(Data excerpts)
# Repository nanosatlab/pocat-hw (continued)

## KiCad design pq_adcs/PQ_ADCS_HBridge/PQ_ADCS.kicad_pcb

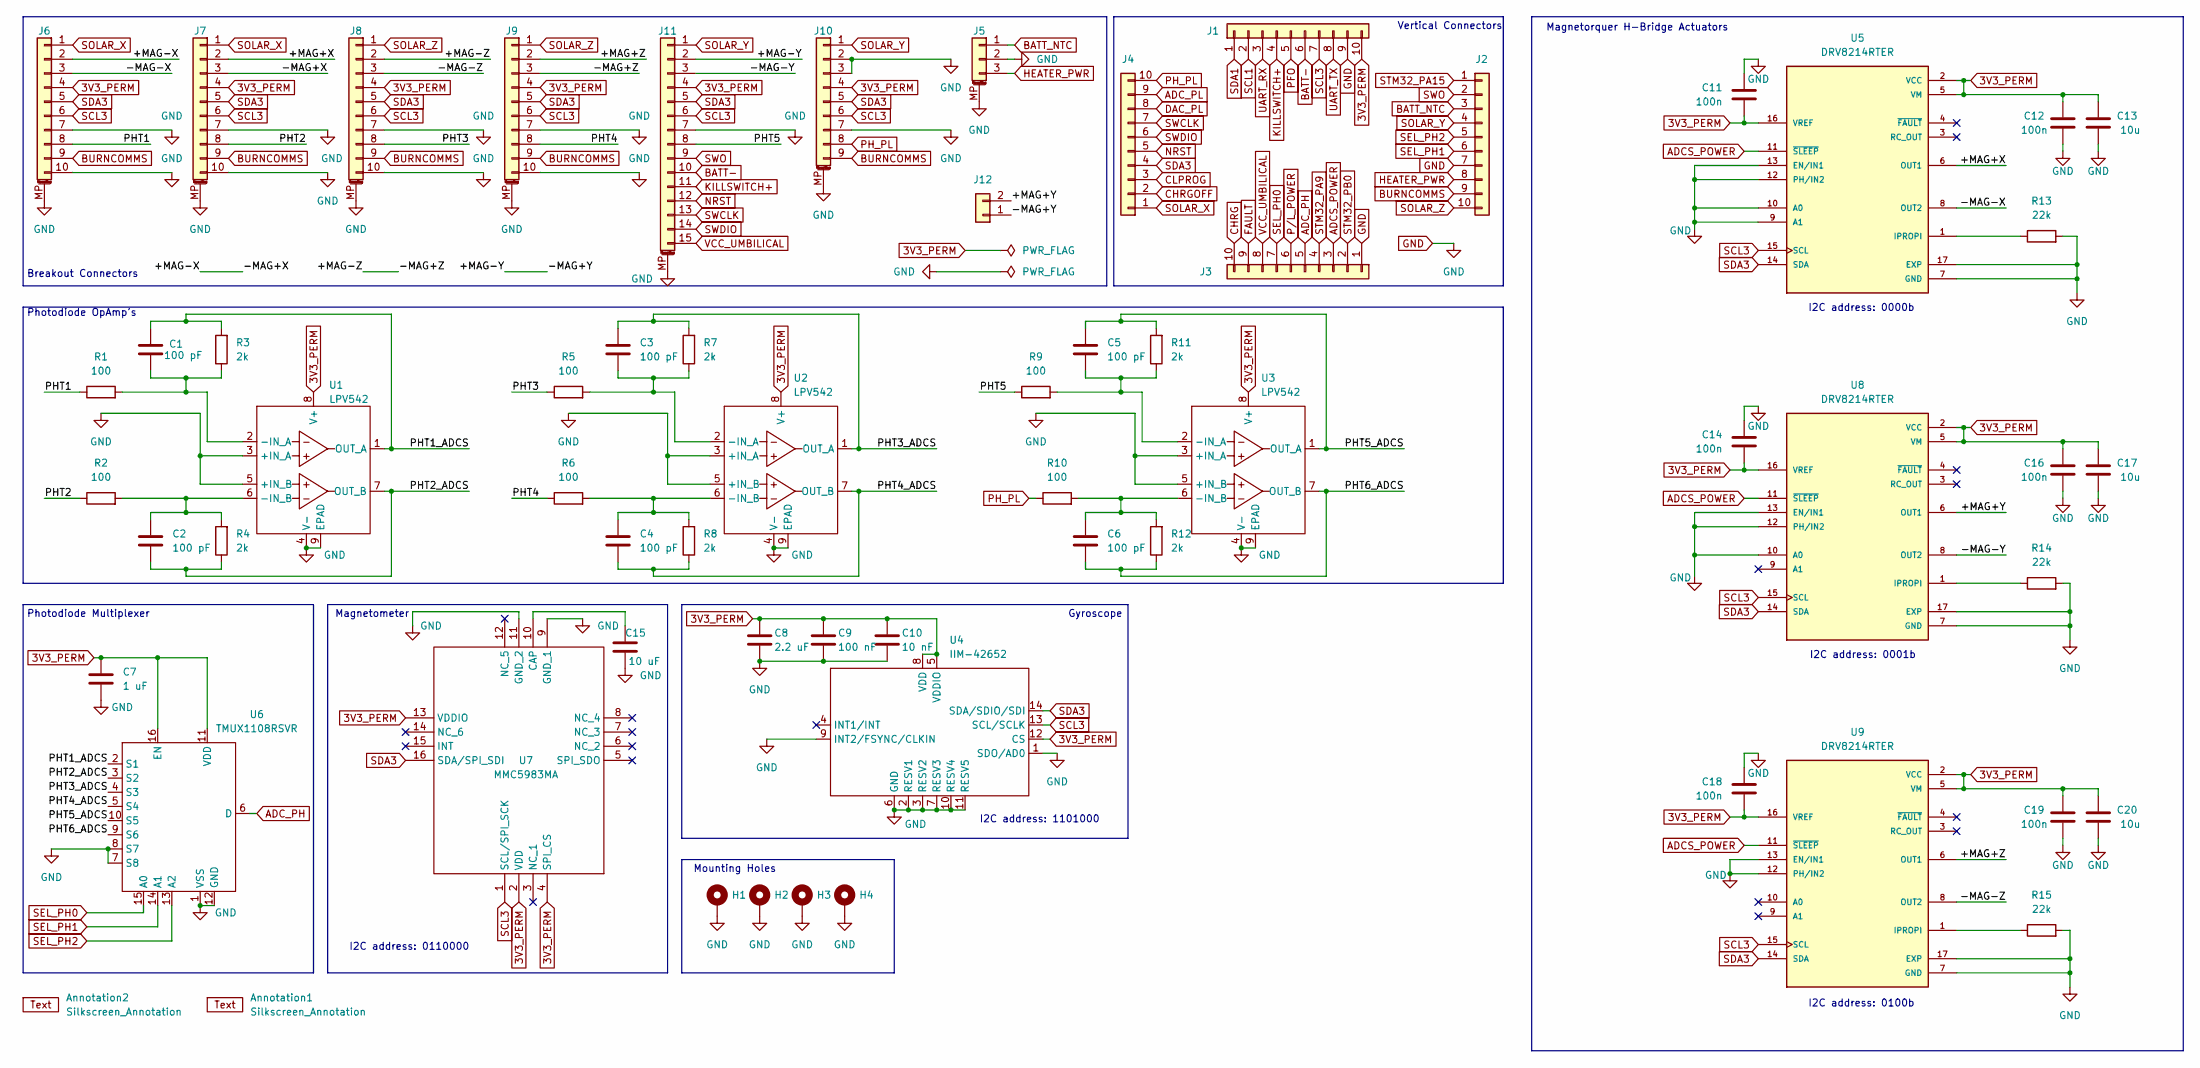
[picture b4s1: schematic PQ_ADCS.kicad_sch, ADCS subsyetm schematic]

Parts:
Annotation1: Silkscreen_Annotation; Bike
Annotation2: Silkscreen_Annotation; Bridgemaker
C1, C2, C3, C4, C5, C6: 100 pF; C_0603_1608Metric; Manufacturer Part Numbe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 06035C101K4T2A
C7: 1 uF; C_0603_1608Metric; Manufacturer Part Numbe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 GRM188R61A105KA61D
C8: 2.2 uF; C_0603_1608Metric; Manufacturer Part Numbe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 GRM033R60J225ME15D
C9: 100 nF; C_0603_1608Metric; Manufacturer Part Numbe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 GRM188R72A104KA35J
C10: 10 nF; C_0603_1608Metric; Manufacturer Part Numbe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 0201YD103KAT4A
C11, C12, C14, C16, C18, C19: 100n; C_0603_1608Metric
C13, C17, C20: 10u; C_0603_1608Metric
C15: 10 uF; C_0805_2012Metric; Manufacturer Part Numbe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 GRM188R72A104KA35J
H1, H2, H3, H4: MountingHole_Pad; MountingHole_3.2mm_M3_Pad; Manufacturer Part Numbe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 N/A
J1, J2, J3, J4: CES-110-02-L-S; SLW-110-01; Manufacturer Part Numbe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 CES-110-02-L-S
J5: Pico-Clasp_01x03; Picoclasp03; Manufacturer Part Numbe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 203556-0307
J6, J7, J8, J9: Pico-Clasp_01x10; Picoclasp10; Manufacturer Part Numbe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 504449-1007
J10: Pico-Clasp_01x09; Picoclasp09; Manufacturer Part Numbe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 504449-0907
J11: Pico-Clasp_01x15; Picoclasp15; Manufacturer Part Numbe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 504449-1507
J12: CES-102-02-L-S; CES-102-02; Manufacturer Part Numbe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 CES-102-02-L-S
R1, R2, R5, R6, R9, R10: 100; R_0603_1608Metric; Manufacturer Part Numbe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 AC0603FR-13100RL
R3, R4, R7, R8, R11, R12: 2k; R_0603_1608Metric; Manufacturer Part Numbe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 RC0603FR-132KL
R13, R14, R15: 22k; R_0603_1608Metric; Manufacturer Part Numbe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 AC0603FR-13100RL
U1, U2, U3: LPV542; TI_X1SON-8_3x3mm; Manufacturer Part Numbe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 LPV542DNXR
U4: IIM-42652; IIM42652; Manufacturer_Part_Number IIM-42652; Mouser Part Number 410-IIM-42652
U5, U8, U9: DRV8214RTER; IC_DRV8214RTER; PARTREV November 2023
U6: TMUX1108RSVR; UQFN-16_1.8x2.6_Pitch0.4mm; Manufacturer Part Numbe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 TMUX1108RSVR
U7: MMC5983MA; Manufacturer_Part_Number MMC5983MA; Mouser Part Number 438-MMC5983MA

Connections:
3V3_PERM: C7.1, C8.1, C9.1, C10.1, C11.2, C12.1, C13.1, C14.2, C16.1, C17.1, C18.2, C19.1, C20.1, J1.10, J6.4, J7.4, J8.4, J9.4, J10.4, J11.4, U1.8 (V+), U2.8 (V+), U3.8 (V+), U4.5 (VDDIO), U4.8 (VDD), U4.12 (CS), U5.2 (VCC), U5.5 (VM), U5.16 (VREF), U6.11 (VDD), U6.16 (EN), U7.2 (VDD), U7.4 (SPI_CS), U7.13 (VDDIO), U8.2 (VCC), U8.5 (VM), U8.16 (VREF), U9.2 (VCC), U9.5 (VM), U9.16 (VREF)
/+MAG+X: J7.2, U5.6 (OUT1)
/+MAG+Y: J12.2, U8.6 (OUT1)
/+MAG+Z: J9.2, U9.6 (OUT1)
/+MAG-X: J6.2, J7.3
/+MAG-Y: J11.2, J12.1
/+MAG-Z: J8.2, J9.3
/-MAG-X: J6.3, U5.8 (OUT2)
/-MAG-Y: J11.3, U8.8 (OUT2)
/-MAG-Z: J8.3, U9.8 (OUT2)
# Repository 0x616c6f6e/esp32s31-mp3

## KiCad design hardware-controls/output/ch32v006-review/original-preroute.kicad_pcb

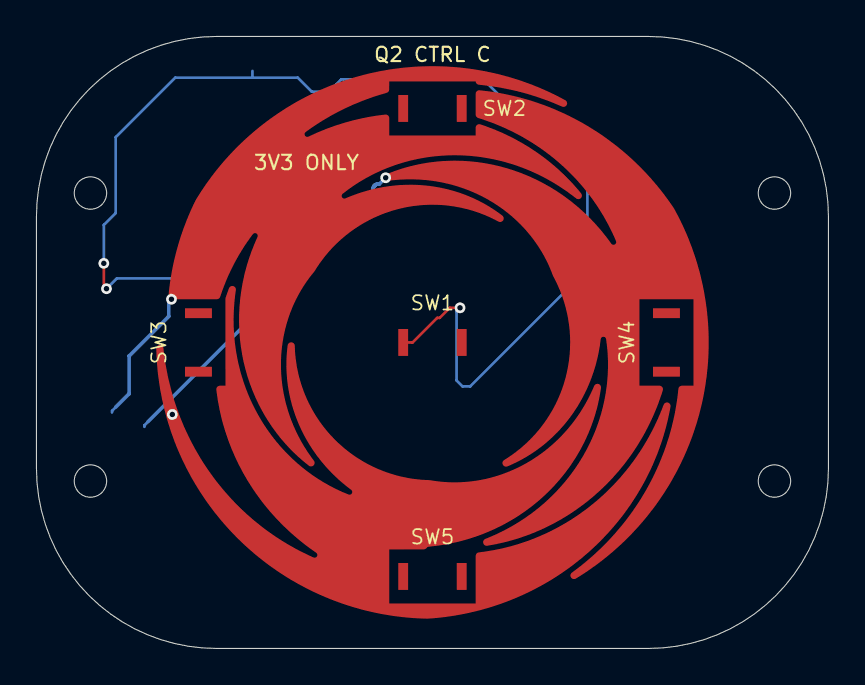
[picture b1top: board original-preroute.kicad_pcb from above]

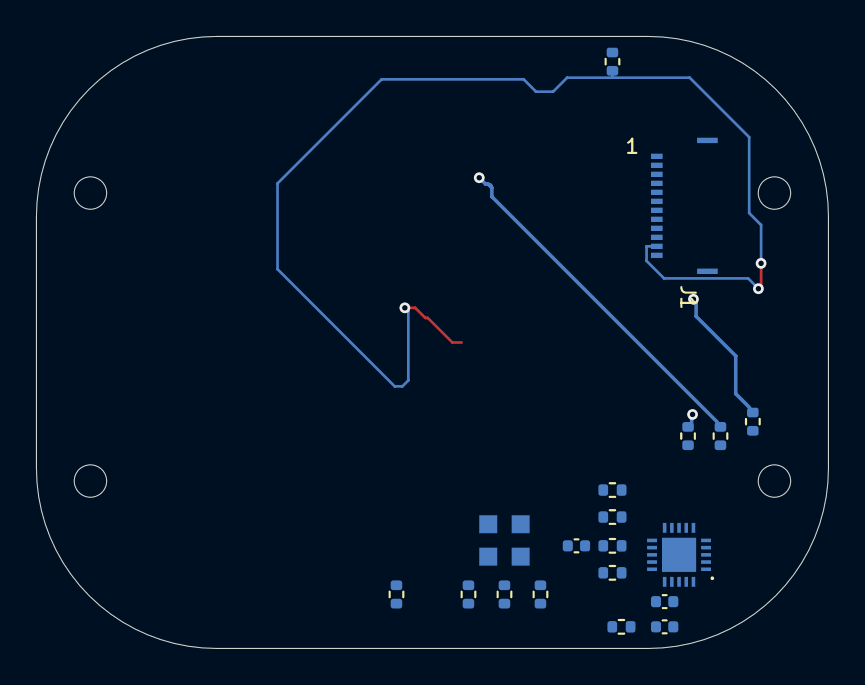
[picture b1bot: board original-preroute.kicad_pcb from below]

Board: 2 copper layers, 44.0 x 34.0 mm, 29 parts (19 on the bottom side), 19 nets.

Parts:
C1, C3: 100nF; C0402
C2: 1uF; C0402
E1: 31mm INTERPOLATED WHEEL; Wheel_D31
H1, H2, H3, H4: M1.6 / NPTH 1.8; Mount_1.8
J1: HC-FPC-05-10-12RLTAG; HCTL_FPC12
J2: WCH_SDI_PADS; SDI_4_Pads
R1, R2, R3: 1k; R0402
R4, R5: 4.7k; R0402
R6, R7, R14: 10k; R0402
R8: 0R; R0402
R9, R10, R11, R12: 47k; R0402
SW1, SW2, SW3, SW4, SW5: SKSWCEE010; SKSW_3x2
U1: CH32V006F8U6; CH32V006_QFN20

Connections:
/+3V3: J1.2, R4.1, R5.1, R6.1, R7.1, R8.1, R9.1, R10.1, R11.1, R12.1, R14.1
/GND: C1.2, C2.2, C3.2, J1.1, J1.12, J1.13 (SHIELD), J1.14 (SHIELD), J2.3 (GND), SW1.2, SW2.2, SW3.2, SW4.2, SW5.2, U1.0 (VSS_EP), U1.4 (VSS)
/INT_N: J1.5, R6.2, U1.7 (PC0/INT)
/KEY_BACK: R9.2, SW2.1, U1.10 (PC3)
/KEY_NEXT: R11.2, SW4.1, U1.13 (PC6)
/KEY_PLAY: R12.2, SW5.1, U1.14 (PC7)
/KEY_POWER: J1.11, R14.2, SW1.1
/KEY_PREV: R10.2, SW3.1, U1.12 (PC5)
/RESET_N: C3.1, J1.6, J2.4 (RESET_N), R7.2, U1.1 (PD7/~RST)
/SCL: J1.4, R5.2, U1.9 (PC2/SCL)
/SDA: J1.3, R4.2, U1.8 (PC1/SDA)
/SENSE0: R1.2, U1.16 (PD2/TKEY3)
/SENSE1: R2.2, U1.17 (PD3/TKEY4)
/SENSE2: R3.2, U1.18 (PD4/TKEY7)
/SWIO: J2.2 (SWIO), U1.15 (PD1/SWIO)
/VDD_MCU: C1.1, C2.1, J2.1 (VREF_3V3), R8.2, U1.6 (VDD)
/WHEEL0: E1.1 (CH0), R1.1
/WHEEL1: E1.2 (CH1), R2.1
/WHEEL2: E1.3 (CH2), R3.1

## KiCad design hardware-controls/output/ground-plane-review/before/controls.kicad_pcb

* **WORK TO BE COMPLETED**: Go through the entries and return each line where the word "Repository" occurs.

* **RESULT OF THIS TASK**:
# Repository nanosatlab/pocat-hw (continued)
# Repository 0x616c6f6e/esp32s31-mp3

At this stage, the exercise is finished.